● **PROVIDED RECORDS**
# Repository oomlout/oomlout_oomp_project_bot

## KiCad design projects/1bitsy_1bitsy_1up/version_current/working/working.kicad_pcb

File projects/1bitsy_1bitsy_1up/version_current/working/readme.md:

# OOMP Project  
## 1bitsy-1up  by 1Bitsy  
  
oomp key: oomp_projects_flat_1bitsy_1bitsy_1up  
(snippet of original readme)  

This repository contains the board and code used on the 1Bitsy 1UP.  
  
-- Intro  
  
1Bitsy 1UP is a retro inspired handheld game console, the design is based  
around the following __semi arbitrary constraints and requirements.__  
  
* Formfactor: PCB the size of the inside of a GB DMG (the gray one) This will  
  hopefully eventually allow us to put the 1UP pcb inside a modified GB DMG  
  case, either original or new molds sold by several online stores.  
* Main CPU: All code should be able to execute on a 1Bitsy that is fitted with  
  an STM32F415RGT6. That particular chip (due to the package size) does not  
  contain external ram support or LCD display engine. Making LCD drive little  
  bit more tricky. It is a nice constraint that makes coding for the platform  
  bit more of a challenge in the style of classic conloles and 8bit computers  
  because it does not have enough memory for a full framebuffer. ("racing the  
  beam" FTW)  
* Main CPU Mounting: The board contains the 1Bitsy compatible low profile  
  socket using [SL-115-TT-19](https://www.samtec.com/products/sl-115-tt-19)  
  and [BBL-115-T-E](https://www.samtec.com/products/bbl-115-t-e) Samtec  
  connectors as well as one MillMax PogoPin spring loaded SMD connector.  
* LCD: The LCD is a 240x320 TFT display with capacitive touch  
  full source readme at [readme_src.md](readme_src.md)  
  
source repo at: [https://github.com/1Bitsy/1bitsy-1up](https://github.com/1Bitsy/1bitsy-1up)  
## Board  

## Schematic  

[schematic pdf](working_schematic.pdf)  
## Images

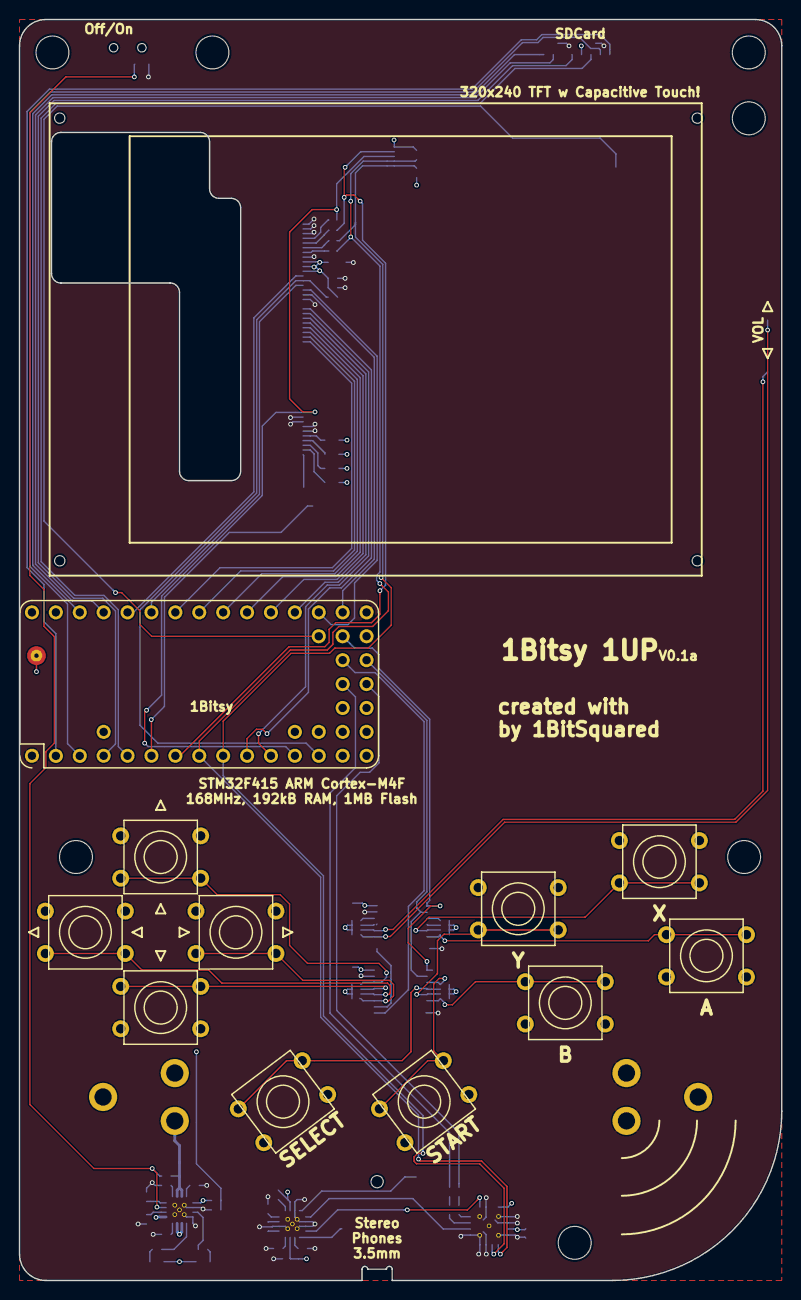
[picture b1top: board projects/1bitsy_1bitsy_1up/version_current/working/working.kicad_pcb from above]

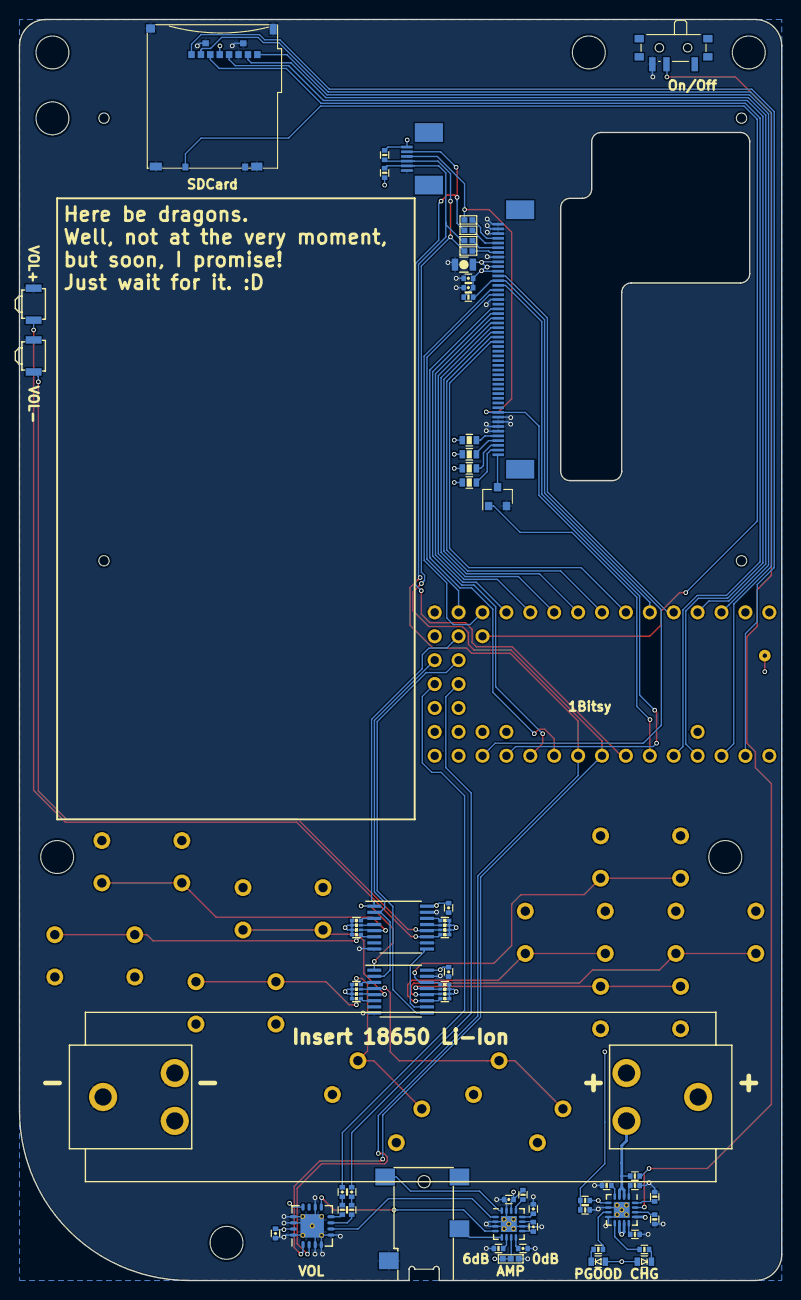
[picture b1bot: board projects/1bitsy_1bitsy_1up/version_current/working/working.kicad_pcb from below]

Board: 4 copper layers, 81.0 x 134.0 mm, 70 parts (58 on the bottom side), 86 nets.

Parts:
BT1: Battery_Cell; BATTERY_CLIP_18650
C1: 10u; C_0805
C2, C3, C10, C11, C12: 100n; C_0402
C4, C5, C6, C7, C9: 1u; C_0402
C8: 2u2; C_0402
CON1: pkl_Micro_SD; SCHA4B0419
D1: YEL; D_0603
D2: GRN; D_0603
J1, J2, J3, J4: pkl_jumper; J_0402
J6: Jumper_Dual; J_0602
J7: pkl_JACK_3C1S; SJ2-35853B-SMT
P1: PogoPin; PAD_MILL-MAX_0906
Q1: NMOS; SOT-23
R1, R2, R3, R4: 10E; R_0603
R5, R8, R9, R12, R13, R16, R17, R21, R22, R23, R25: 10k; R_0402
R6, R7, R10, R11: 10k; R_Array_Convex_4x0402
R14, R15: 50E; R_0402
R18: 0E; R_0402
R19: 590E; R_0402
R20: 1k1; R_0402
R24: 4k7; R_0402
SW1: UP; Tact_Switch_Top_TH_7.8MM_Snap
SW2: Y; Tact_Switch_Top_TH_7.8MM_Snap
SW3: LEFT; Tact_Switch_Top_TH_7.8MM_Snap
SW4: RIGHT; Tact_Switch_Top_TH_7.8MM_Snap
SW5: X; Tact_Switch_Top_TH_7.8MM_Snap
SW6: A; Tact_Switch_Top_TH_7.8MM_Snap
SW7: SELECT; Tact_Switch_Top_TH_7.8MM_Snap
SW8: DOWN; Tact_Switch_Top_TH_7.8MM_Snap
SW9: B; Tact_Switch_Top_TH_7.8MM_Snap
SW10: START; Tact_Switch_Top_TH_7.8MM_Snap
SW11: pkl_SWITCH-SPDT; SW_SPDT_PCM12
SW12, SW13: Tact_Switch_Side_B3U-3000P
U1: 1bitsy-complete-concise; 1bitsy-sl-1xx-xx-19
U2: lcd_50pin_logic; ER-CON50HT
U3: lcd_cap_touch_buydisplay; ER-CON06HB
U4, U5: 74HC165; TSSOP-16_4.4x5mm_Pitch0.65mm
U6: BQ24075; QFN-16-1EP_3x3mm_Pitch0.5mm
U7: TPA6135A2; QFN-16-1EP_3x3mm_Pitch0.5mm
U8: MCP4661-103E/ML; QFN-16-1EP_4x4mm_Pitch0.65mm

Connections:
+3V3: C1.2, C2.2, C3.2, C7.2, C10.2, C11.2, C12.2, CON1.4, J6.2, J6.3, R1.2, R2.2, R3.2, R4.2, R5.1, R6.2, R6.4, R6.6, R6.8, R7.2, R7.4, R7.6, R7.8, R8.1, R9.1, R10.2, R10.4, R10.6, R10.8, R11.2, R11.4, R11.6, R11.8, R13.1, U1.15, U1.29, U2.40, U2.41, U2.42, U3.6, U4.16, U5.16, U7.7, U7.14, U8.12, U8.15
+5V: D1.A, D2.A, R24.1, U1.30, U6.5, U6.10, U6.11
+BATT: BT1.1, R12.1, U1.14, U6.2, U6.3
/AL_AMP: J7.2, U7.16
/AL_ATT: U7.1, U8.6
/AR_AMP: J7.3, U7.5
/AR_ATT: U7.4, U8.9
/AUDIO_L: C4.1, U1.35
/AUDIO_R: C5.1, U1.36
/BA: R10.1, SW6.1, U5.6
/BB: R6.1, SW9.1, U4.6
/BCLK: U1.38, U4.2, U5.2
/BDAT: U1.37, U4.9
/BDOWN: R7.3, SW8.1, U4.13
/BLATCH: U1.39, U4.1, U5.1
/BLEFT: R7.5, SW3.1, U4.12
/BRIGHT: R7.7, SW4.1, U4.11
/BSELECT: R6.5, SW7.1, U4.4
/BSTART: R6.7, SW10.1, U4.3
/BUP: R7.1, SW1.1, U4.14
/BVol+: R11.7, SW12.1, U5.11
/BVol-: R11.5, SW13.1, U5.12
/BX: R10.3, SW5.1, U5.5
/BY: R6.3, SW2.1, U4.5
/LCD_BACK_LIGHT: Q1.1, U1.6
/LCD_BL: Q1.3, U2.1
/LCD_C/D: U1.25, U2.37
/LCD_CS: R5.2, U1.13, U2.38
/LCD_D0: U1.10, U2.32
/LCD_D1: U1.11, U2.31
/LCD_D2: U1.19, U2.30
/LCD_D3: U1.20, U2.29
/LCD_D4: U1.21, U2.28
/LCD_D5: U1.22, U2.27
/LCD_D6: U1.23, U2.26
/LCD_D7: U1.24, U2.25
/LCD_RD: U1.17, U2.35
/LCD_RST: J4.1, U1.12, U2.10, U3.4
/LCD_TE: U1.26, U2.39
/LCD_TOUCH_IRQ: J3.1, U1.7, U3.5
/LCD_WR: U1.18, U2.36
/LED1A: R1.1, U2.2
/LED2A: R2.1, U2.3
/LED3A: R3.1, U2.4
/LED4A: R4.1, U2.5
/SDIO_CD: CON1.9, U1.44
/SDIO_CK: CON1.5, U1.4
/SDIO_CMD: CON1.3, U1.5
/SDIO_D0: CON1.7, U1.27
/SDIO_D1: CON1.8, U1.28
/SDIO_D2: CON1.1, U1.2
/SDIO_D3: CON1.2, U1.3
/SYSOFF: R12.2, SW11.2, U6.15
/USB_V+: P1.1, U6.13
/VOL/TOUCH_SCL: J1.1, R9.2, U1.8, U3.3, U8.1
/VOL/TOUCH_SDA: J2.1, R8.2, U1.9, U3.2, U8.2
/V_BATT: R24.2, R25.1, U1.43
/~CHG: R16.2, U6.9
/~PGOOD: R21.2, U6.7
GND: BT1.2, C1.1, C2.1, C3.1, C7.1, C8.1, C9.1, C10.1, C11.1, C12.1, CON1.6, CON1.10, CON1.11, J6.1, J7.1, Q1.2, R17.2, R18.2, R19.2, R20.2, R22.2, R23.2, R25.2, SW1.2, SW2.2, SW3.2, SW4.2, SW5.2, SW6.2, SW7.2, SW8.2, SW9.2, SW10.2, SW11.3, SW12.2, SW13.2, U1.1, U1.16, U2.6, U2.7, U2.8, U2.9, U2.34, U2.43, U2.48, U2.49, U2.50, U3.1, U4.8, U4.15, U5.8, U5.10, U5.15, U6.6, U6.8, U6.17, U7.2, U7.3, U7.10, U7.15, U7.17, U8.3, U8.4, U8.5, U8.10, U8.13, U8.14, U8.16, U8.17
unnamed: C4.2, R14.2
unnamed: C5.2, R15.2
unnamed: C6.1, U7.9
unnamed: C6.2, U7.11
unnamed: C8.2, U7.12
unnamed: C9.2, U7.8
unnamed: D1.C, R16.1
unnamed: D2.C, R21.1
unnamed: J1.2, U2.44
unnamed: J2.2, U2.45
unnamed: J3.2, U2.46
unnamed: J4.2, U2.47
unnamed: R10.5, U5.4
unnamed: R10.7, U5.3
unnamed: R11.1, U5.14
unnamed: R11.3, U5.13
unnamed: R13.2, U7.13
unnamed: R14.1, U8.7
unnamed: R15.1, U8.8
unnamed: R17.1, U6.1
unnamed: R18.1, U6.14
unnamed: R19.1, U6.16
unnamed: R20.1, U6.12
unnamed: R22.1, U6.4
unnamed: R23.1, U7.6
unnamed: U4.10, U5.9

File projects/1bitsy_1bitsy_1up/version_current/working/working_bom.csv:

"Id";"Designator";"Footprint";"Quantity";"Designation";"Supplier and ref";
1;"R25,R5,R8,R9,R12,R13,R16,R17,R21,R22,R23";"R_0402";11;"10k";;;
2;"R24";"R_0402";1;"4k7";;;
3;"REF**,REF**,REF**,REF**,REF**,REF**,REF**";"MountingHole_3-5mm";7;"MountingHole_3-5mm";;;
4;"P1";"PAD_MILL-MAX_0906";1;"PogoPin";;;
5;"J6";"J_0602";1;"Jumper_Dual";;;
6;"U5,U4";"TSSOP-16_4.4x5mm_Pitch0.65mm";2;"74HC165";;;
7;"U1";"1bitsy-sl-1xx-xx-19";1;"1bitsy-complete-concise";;;
8;"C2,C3,C10,C11,C12";"C_0402";5;"100n";;;
9;"C4,C5,C6,C7,C9";"C_0402";5;"1u";;;
10;"C8";"C_0402";1;"2u2";;;
11;"D1";"D_0603";1;"YEL";;;
12;"D2";"D_0603";1;"GRN";;;
13;"J1,J2,J3,J4";"J_0402";4;"pkl_jumper";;;
14;"Q1";"SOT-23";1;"NMOS";;;
15;"R1,R2,R3,R4";"R_0603";4;"10E";;;
16;"R6,R7,R10,R11";"R_Array_Convex_4x0402";4;"10k";;;
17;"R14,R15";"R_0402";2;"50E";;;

● **WHAT YOU ARE ASKED TO DO**
This exercise asks for an exact copy of the lines from the first one in the data through the line that contains "[picture b1top: board", pictures excluded.

● **WRITTEN SOLUTION**
# Repository oomlout/oomlout_oomp_project_bot

## KiCad design projects/1bitsy_1bitsy_1up/version_current/working/working.kicad_pcb

File projects/1bitsy_1bitsy_1up/version_current/working/readme.md:

# OOMP Project  
## 1bitsy-1up  by 1Bitsy  
  
oomp key: oomp_projects_flat_1bitsy_1bitsy_1up  
(snippet of original readme)  

This repository contains the board and code used on the 1Bitsy 1UP.  
  
-- Intro  
  
1Bitsy 1UP is a retro inspired handheld game console, the design is based  
around the following __semi arbitrary constraints and requirements.__  
  
* Formfactor: PCB the size of the inside of a GB DMG (the gray one) This will  
  hopefully eventually allow us to put the 1UP pcb inside a modified GB DMG  
  case, either original or new molds sold by several online stores.  
* Main CPU: All code should be able to execute on a 1Bitsy that is fitted with  
  an STM32F415RGT6. That particular chip (due to the package size) does not  
  contain external ram support or LCD display engine. Making LCD drive little  
  bit more tricky. It is a nice constraint that makes coding for the platform  
  bit more of a challenge in the style of classic conloles and 8bit computers  
  because it does not have enough memory for a full framebuffer. ("racing the  
  beam" FTW)  
* Main CPU Mounting: The board contains the 1Bitsy compatible low profile  
  socket using [SL-115-TT-19](https://www.samtec.com/products/sl-115-tt-19)  
  and [BBL-115-T-E](https://www.samtec.com/products/bbl-115-t-e) Samtec  
  connectors as well as one MillMax PogoPin spring loaded SMD connector.  
* LCD: The LCD is a 240x320 TFT display with capacitive touch  
  full source readme at [readme_src.md](readme_src.md)  
  
source repo at: [https://github.com/1Bitsy/1bitsy-1up](https://github.com/1Bitsy/1bitsy-1up)  
## Board  

## Schematic  

[schematic pdf](working_schematic.pdf)  
## Images

[picture b1top: board projects/1bitsy_1bitsy_1up/version_current/working/working.kicad_pcb from above]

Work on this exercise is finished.